C’est précisément là que réside l’intérêt de ces véhicules. La non-liquidité était le principal frein pour certaines familles qui refusaient de s’engager sur des horizons aussi longs. Les sociétés de gestion l’ont compris et ont su innover pour capter ce segment d’investisseurs. Aujourd’hui, les grands acteurs internationaux sont tous positionnés sur cette thématique. Quand des gérants de cette envergure font le choix stratégique de lancer des fonds evergreen, c’est qu’ils ont identifié un volet de nouvelles liquidités à capter. Certains conseillers restent sceptiques, et je comprends leur position : si un client croit vraiment dans le non-coté, pourquoi accepter une potentielle perte de performance ? En revanche, tout le monde ne cherche pas à maximiser les rendements à tout prix. Pour des familles qui visent des objectifs situés entre 8 et 12 %, avec des thématiques d’investissement attractives et une souplesse de sortie, les fonds evergreen ont toute leur place dans une allocation globale.
Un dernier mot quant à l’avenir de ces fonds ?
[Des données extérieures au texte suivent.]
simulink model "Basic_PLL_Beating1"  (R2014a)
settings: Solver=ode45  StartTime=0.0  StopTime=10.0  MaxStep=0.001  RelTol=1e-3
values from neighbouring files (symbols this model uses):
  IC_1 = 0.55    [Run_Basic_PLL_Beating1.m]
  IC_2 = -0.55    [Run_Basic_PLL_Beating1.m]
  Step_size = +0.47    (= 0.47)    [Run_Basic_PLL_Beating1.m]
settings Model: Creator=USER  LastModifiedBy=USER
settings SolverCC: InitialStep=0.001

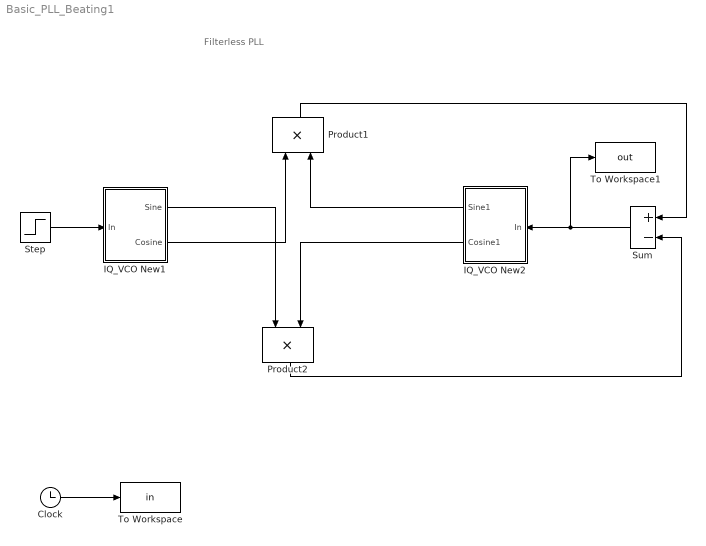
== system Basic_PLL_Beating1 ==
  note: Filterless PLL
  Clock : Clock
  IQ_VCO New1 : Subsystem
  IQ_VCO New2 : Subsystem
  Product1 : Product  SaturateOnIntegerOverflow=on  OutDataTypeStr=Inherit: Same as first input
  Product2 : Product  SaturateOnIntegerOverflow=on  OutDataTypeStr=Inherit: Same as first input
  Step : Step  Time=0  After=Step_size  SampleTime=0
  Sum : Sum  Inputs=+-  SaturateOnIntegerOverflow=on
  To Workspace : ToWorkspace  VariableName=in  SampleTime=-1
  To Workspace1 : ToWorkspace  VariableName=out  SampleTime=-1
  wires:
  Step/1 -> IQ_VCO New1/1(In)
  IQ_VCO New1/2(Cosine) -> Product1/1
  IQ_VCO New2/2(Cosine1) -> Product2/2
  IQ_VCO New1/1(Sine) -> Product2/1
  IQ_VCO New2/1(Sine1) -> Product1/2
  Sum/1 -> To Workspace1/1, IQ_VCO New2/1(In)
  Product1/1 -> Sum/1
  Product2/1 -> Sum/2
  Clock/1 -> To Workspace/1

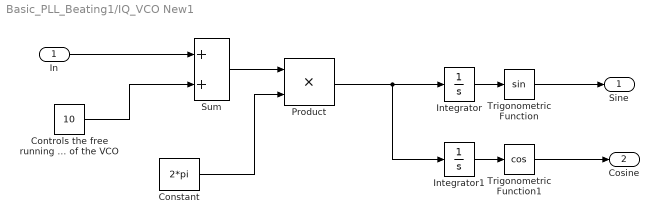
== system Basic_PLL_Beating1/IQ_VCO New1 ==
  In : Inport
  Constant : Constant  Value=2*pi
  "Controls the free running frequency (Hz) of the VCO " : Constant  Value=10
  Integrator : Integrator  InitialCondition=IC_1
  Integrator1 : Integrator  InitialCondition=IC_2
  Product : Product  SaturateOnIntegerOverflow=on  OutDataTypeStr=Inherit: Same as first input
  Sum : Sum  SaturateOnIntegerOverflow=on
  Trigonometric Function : Trigonometry
  Trigonometric Function1 : Trigonometry  Operator=cos
  Sine : Outport
  Cosine : Outport  Port=2
  wires:
  In/1 -> Sum/1
  "Controls the free running frequency (Hz) of the VCO "/1 -> Sum/2
  Sum/1 -> Product/1
  Constant/1 -> Product/2
  Trigonometric Function/1 -> Sine/1
  Trigonometric Function1/1 -> Cosine/1
  Integrator/1 -> Trigonometric Function/1
  Integrator1/1 -> Trigonometric Function1/1
  Product/1 -> Integrator1/1, Integrator/1

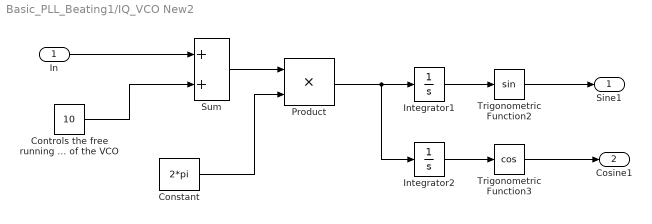
== system Basic_PLL_Beating1/IQ_VCO New2 ==
  In : Inport
  Constant : Constant  Value=2*pi
  "Controls the free running frequency (Hz) of the VCO " : Constant  Value=10
  Integrator1 : Integrator  InitialCondition=IC_1
  Integrator2 : Integrator  InitialCondition=IC_2
  Product : Product  SaturateOnIntegerOverflow=on  OutDataTypeStr=Inherit: Same as first input
  Sum : Sum  SaturateOnIntegerOverflow=on
  Trigonometric Function2 : Trigonometry
  Trigonometric Function3 : Trigonometry  Operator=cos
  Sine1 : Outport
  Cosine1 : Outport  Port=2
  wires:
  In/1 -> Sum/1
  "Controls the free running frequency (Hz) of the VCO "/1 -> Sum/2
  Sum/1 -> Product/1
  Constant/1 -> Product/2
  Trigonometric Function2/1 -> Sine1/1
  Trigonometric Function3/1 -> Cosine1/1
  Integrator1/1 -> Trigonometric Function2/1
  Integrator2/1 -> Trigonometric Function3/1
  Product/1 -> Integrator1/1, Integrator2/1
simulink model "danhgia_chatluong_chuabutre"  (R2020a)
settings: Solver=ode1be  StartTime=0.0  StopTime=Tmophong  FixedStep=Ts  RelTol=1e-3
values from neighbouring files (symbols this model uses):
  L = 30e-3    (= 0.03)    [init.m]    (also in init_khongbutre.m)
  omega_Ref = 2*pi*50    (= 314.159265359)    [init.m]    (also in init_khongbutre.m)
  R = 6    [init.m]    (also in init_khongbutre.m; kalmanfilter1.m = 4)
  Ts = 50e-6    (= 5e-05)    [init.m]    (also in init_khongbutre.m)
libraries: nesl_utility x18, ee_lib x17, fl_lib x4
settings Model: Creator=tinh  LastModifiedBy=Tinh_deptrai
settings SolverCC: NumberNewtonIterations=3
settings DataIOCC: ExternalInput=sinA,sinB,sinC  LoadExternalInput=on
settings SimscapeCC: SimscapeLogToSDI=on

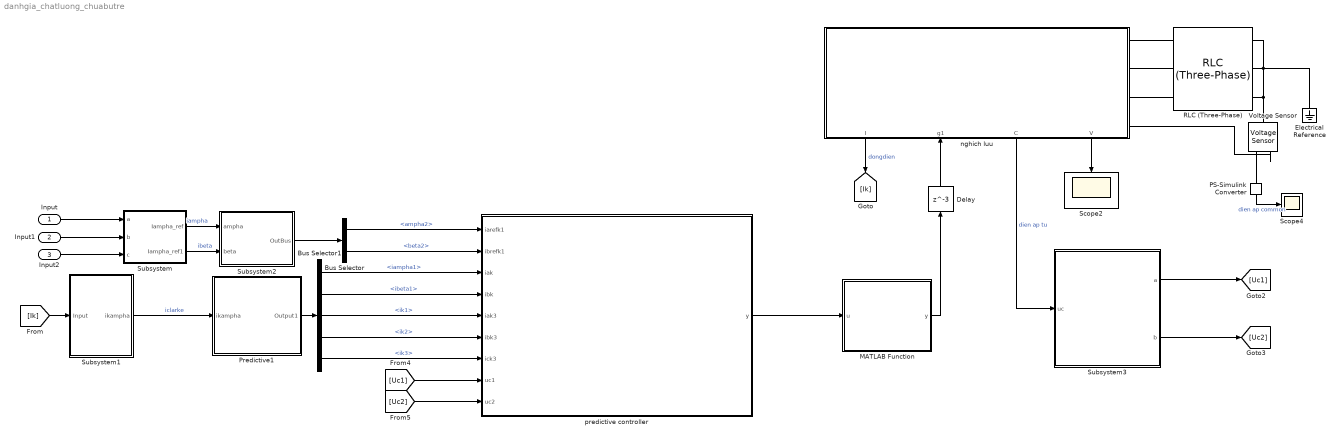
== system danhgia_chatluong_chuabutre ==
  Input : Inport
  Input1 : Inport  Port=2
  Input2 : Inport  Port=3
  Bus Selector : BusSelector  OutputSignals=ampha2,beta2
  Bus Selector1 : BusSelector  OutputSignals=iampha1,ibeta1,ik1,ik2,ik3
  Delay : Delay  DelayLength=3
  Electrical Reference : fl_lib/Electrical/Electrical Elements/Electrical Reference
  MATLAB Function : MATLAB Function  TreatAsAtomicUnit=on
  PS-Simulink Converter : nesl_utility/PS-Simulink Converter  PhysicalDomain=network_engine_domain  SubClassName=ps_output  LeftPortType=input  RightPortType=output  PseudoPeriodic=off  Frequencies=[]  Unit=inherit  AffineConversion=off
  Predictive1 : Subsystem
  RLC (Three-Phase) : ee_lib/Passive/RLC Assemblies/RLC (Three-Phase)  component_structure=4  R=R Ohm  L=L H  IL0=[0, 0, 0] A  C=1e-6 F  VC0=[0, 0, 0] V  R_parasitic=1e-6 Ohm  G_parasitic=1e-6 1/Ohm
      settings: SourceProductBaseCode=PS  InternalSimscapePortConfiguration="{\"Bottom\":[],\"Left\":[{\"id\":\"a1\",\"label\":\"a1\",\"type\":\"foundation.electrical.electrical\"},{\"id\":\"b1\",\"label\":\"b1\",\"type\":\"foundation.electrical.electrical\"},{\"id\":\"c1\",\"label\":\"c1\",\"type\":\"foundation.electrical.electrical\"}],\"Right\":[{\"id\":\"a2\",\"label\":\"a2\",\"type\":\"foundation.electrical.electrical\"},{\"id\":\"b2\",\"label\":\"b2\",\"type\":\"foundation.electrical.electrical\"},{\"id\":\"c2\",\"label\":\"c2\",\"type\":\"foundation.electrical.electrical\"}],\"Top\":[]}"
  Scope2 : Scope
  Scope4 : Scope
  Subsystem : Subsystem
  Subsystem1 : Subsystem
  Subsystem2 : Subsystem
  Subsystem3 : Subsystem
  Voltage Sensor : fl_lib/Electrical/Electrical Sensors/Voltage Sensor
  nghich luu : Subsystem
      settings: PortSchema="{\"entries\":[{\"content\":{\"sides\":[{\"content\":{\"connectorIds\":[]},\"type\":\"ConnectorPlacement.EquallySpacedRectSide\",\"uuid\":\"1f21bf9d-b3c4-4ef8-831a-50a976b6aa65\"},{\"content\":{\"connectorIds\":[\"RConn1\",\"RConn2\",\"RConn3\",\"RConn4\"],\"side\":\"RIGHT\"},\"type\":\"ConnectorPlacement.EquallySpacedRectSide\",\"uuid\":\"0787168a-1f3c-4831-aef7-a1860c607723\"},{\"content\":{\"connectorIds\":[],\"side\":\"TOP\"},\"type\":\"ConnectorPlacement.EquallySpacedRectSide\",\"uuid\":\"c9cfdced-0897-45ca-aa61-726ea781df92\"},{\"content\":{\"connectorIds\":[\"Out1\",\"In1\",\"Out2\",\"Out3\"],\"side\":\"BOTTOM\"},\"type\":\"ConnectorPlacement.EquallySpacedRectSide\",\"uuid\":\"0f797b02-a78f-4846-a0f4-57f75c54f7ea\"}]},\"type\":\"ConnectorPlacement.EquallySpacedConnector\",\"uuid\":\"5e077d9d-cbda-4f20-95e3-2cacb065a3ee\"}],\"packageUris\":[\"http://schema.mathworks.com/mf0/Connector/19700101\"],\"version\":\"1.0\"}"
  predictive controller : MATLAB Function  TreatAsAtomicUnit=on
  wires:
  Input2/1 -> Subsystem/3(c)
  Subsystem/1(Iampha_ref) -> Subsystem2/1(ampha)  "iampha"
  Subsystem/2(Iampha_ref1) -> Subsystem2/2(beta)  "ibeta"
  Input/1 -> Subsystem/1(a)
  Input1/1 -> Subsystem/2(b)
  MATLAB Function/1(y) -> Delay/1
  Delay/1 -> nghich luu/1(g1)
  nghich luu/2(C) -> Subsystem3/1(uc)  "dien ap tu"
  nghich luu/3(V) -> Scope2/1
  nghich luu/1(I) -> [Ik]  "dongdien"
  Bus Selector/1 -> predictive controller/1(iarefk1)  "<ampha2>"
  Bus Selector/2 -> predictive controller/2(ibrefk1)  "<beta2>"
  Subsystem2/1(OutBus) -> Bus Selector/1
  Bus Selector1/1 -> predictive controller/3(iak)  "<iampha1>"
  Bus Selector1/2 -> predictive controller/4(ibk)  "<ibeta1>"
  Bus Selector1/3 -> predictive controller/5(iak3)  "<ik1>"
  Bus Selector1/4 -> predictive controller/6(ibk3)  "<ik2>"
  Bus Selector1/5 -> predictive controller/7(ick3)  "<ik3>"
  Subsystem3/1(a) -> [Uc1]
  Subsystem3/2(b) -> [Uc2]
  PS-Simulink Converter/1 -> Scope4/1  "dien ap common"
  Predictive1/1(Output1) -> Bus Selector1/1
  [Ik] -> Subsystem1/1(Input)
  Subsystem1/1(ikampha) -> Predictive1/1(ikampha)  "iclarke"
  [Uc1] -> predictive controller/8(uc1)
  [Uc2] -> predictive controller/9(uc2)
  predictive controller/1(y) -> MATLAB Function/1(u)
  connections:
  RLC (Three-Phase)/RConn3 -- RLC (Three-Phase)/RConn2 -- RLC (Three-Phase)/RConn1 -- Electrical Reference/LConn1 -- Voltage Sensor/LConn1
  RLC (Three-Phase)/LConn1 -- nghich luu/RConn1
  RLC (Three-Phase)/LConn2 -- nghich luu/RConn2
  RLC (Three-Phase)/LConn3 -- nghich luu/RConn3
  Voltage Sensor/RConn2 -- nghich luu/RConn4
  PS-Simulink Converter/LConn1 -- Voltage Sensor/RConn1

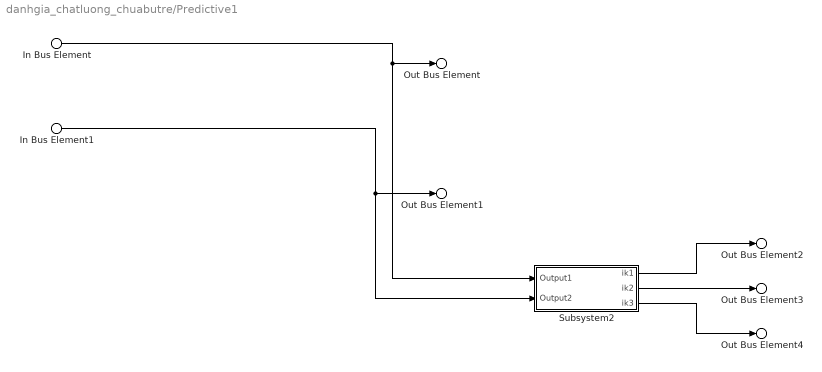
== system danhgia_chatluong_chuabutre/Predictive1 ==
  In Bus Element : Inport  PortName=ikampha  Element=Iampha
  In Bus Element1 : Inport  PortName=ikampha  Element=Ibeta
  Subsystem2 : Subsystem
  Out Bus Element : Outport  PortName=Output1  Element=iampha1
  Out Bus Element1 : Outport  PortName=Output1  Element=ibeta1
  Out Bus Element2 : Outport  PortName=Output1  Element=ik1
  Out Bus Element3 : Outport  PortName=Output1  Element=ik2
  Out Bus Element4 : Outport  PortName=Output1  Element=ik3
  wires:
  In Bus Element/1 -> Out Bus Element/1, Subsystem2/1(Output1)
  In Bus Element1/1 -> Out Bus Element1/1, Subsystem2/2(Output2)
  Subsystem2/1(ik1) -> Out Bus Element2/1
  Subsystem2/2(ik2) -> Out Bus Element3/1
  Subsystem2/3(ik3) -> Out Bus Element4/1

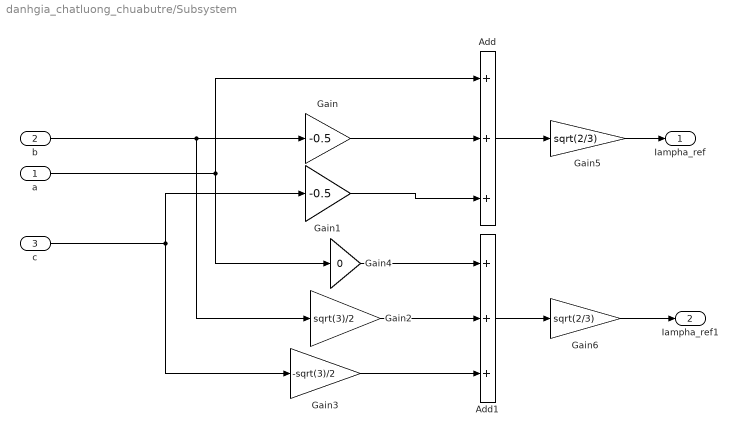
== system danhgia_chatluong_chuabutre/Subsystem ==
  a : Inport
  b : Inport  Port=2
  c : Inport  Port=3
  Add : Sum  Inputs=+++
  Add1 : Sum  Inputs=+++
  Gain : Gain  Gain=-0.5
  Gain1 : Gain  Gain=-0.5
  Gain2 : Gain  Gain=sqrt(3)/2
  Gain3 : Gain  Gain=-sqrt(3)/2
  Gain4 : Gain  Gain=0
  Gain5 : Gain  Gain=sqrt(2/3)
  Gain6 : Gain  Gain=sqrt(2/3)
  Iampha_ref : Outport
  Iampha_ref1 : Outport  Port=2
  wires:
  Add1/1 -> Gain6/1
  Gain3/1 -> Add1/3
  Gain2/1 -> Add1/2
  Gain1/1 -> Add/3
  c/1 -> Gain3/1, Gain1/1
  Gain/1 -> Add/2
  b/1 -> Gain2/1, Gain/1
  Add/1 -> Gain5/1
  a/1 -> Add/1, Gain4/1
  Gain4/1 -> Add1/1
  Gain5/1 -> Iampha_ref/1
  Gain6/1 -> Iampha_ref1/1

Nous n’en sommes qu’au tout début de l’histoire. Trois ou quatre ans de recul, c’est peu. Des ajustements seront nécessaires, notamment concernant la taille de fonds maximale capable d’éviter qu’un véhicule ne devienne trop massif et perde en agilité. Typiquement, un fonds qui passe en quelques mois de 1 milliard à presque 2 milliards représente une croissance impressionnante qui appelle à une gestion flexible et technique. Je reste néanmoins convaincu que les fonds evergreen s’inscrivent dans la durée, car ils répondent à un besoin du marché. Ils sont portés par des gérants de premier plan, et les premiers résultats, bien qu’encore partiels, sont encourageants. L’avenir dira dans quelle mesure la liquidité et la performance peuvent coexister sereinement, mais les signaux sont là.